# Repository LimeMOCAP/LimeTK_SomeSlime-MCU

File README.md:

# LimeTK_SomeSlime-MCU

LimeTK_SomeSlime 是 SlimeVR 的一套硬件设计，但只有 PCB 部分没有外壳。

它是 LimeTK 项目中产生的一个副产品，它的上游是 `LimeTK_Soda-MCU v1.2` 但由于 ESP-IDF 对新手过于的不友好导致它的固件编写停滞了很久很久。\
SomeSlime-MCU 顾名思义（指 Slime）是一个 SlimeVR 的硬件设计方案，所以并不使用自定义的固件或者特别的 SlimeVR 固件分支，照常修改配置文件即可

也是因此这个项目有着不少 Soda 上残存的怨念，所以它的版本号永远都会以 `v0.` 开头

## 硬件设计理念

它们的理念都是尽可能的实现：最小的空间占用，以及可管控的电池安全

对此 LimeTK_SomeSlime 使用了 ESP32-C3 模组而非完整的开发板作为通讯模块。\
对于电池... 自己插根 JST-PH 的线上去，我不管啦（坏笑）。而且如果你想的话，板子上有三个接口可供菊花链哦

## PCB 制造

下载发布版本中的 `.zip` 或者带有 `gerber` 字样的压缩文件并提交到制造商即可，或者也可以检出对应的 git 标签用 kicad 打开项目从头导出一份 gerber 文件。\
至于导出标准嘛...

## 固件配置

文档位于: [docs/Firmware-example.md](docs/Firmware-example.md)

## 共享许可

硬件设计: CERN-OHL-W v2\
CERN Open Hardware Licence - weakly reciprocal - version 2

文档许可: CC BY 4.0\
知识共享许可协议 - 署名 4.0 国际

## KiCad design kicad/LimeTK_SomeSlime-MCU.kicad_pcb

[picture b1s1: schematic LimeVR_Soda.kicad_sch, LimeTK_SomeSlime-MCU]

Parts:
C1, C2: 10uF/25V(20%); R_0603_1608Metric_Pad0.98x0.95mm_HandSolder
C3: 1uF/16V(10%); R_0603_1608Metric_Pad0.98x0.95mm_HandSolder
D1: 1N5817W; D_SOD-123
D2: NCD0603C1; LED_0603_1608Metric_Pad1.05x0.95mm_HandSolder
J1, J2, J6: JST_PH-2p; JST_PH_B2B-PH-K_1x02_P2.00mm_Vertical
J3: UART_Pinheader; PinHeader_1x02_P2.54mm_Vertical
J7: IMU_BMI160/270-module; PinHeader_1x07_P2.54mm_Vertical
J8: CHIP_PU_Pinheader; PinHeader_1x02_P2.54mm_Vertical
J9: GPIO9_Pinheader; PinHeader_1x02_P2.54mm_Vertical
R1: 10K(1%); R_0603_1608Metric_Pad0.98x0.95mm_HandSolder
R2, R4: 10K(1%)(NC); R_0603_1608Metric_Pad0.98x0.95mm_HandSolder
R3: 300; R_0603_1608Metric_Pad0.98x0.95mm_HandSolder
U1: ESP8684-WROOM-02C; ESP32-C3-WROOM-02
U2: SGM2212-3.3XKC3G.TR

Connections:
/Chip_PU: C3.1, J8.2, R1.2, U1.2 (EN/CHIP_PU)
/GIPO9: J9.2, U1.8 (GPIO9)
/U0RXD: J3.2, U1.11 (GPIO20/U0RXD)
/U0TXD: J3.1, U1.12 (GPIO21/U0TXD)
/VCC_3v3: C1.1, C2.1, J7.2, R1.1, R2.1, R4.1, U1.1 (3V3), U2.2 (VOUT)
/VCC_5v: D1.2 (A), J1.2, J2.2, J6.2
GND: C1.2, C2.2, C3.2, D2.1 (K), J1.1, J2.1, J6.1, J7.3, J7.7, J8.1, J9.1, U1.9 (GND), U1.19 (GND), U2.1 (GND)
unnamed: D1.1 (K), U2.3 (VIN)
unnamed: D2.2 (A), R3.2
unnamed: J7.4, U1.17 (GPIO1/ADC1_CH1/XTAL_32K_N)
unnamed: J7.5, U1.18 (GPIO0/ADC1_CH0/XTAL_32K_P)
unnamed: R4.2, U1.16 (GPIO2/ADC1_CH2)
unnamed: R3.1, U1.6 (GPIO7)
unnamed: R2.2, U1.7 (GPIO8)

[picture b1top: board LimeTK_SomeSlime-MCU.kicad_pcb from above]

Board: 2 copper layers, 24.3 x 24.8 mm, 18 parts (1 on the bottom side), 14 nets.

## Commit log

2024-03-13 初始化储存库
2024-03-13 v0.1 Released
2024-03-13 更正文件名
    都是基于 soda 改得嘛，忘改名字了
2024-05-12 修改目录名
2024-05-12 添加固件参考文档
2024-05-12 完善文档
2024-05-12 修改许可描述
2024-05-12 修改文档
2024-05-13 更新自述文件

------

Show the lines of the listing above with "unnamed".

RESPONSE>
unnamed: D1.1 (K), U2.3 (VIN)
unnamed: D2.2 (A), R3.2
unnamed: J7.4, U1.17 (GPIO1/ADC1_CH1/XTAL_32K_N)
unnamed: J7.5, U1.18 (GPIO0/ADC1_CH0/XTAL_32K_P)
unnamed: R4.2, U1.16 (GPIO2/ADC1_CH2)
unnamed: R3.1, U1.6 (GPIO7)
unnamed: R2.2, U1.7 (GPIO8)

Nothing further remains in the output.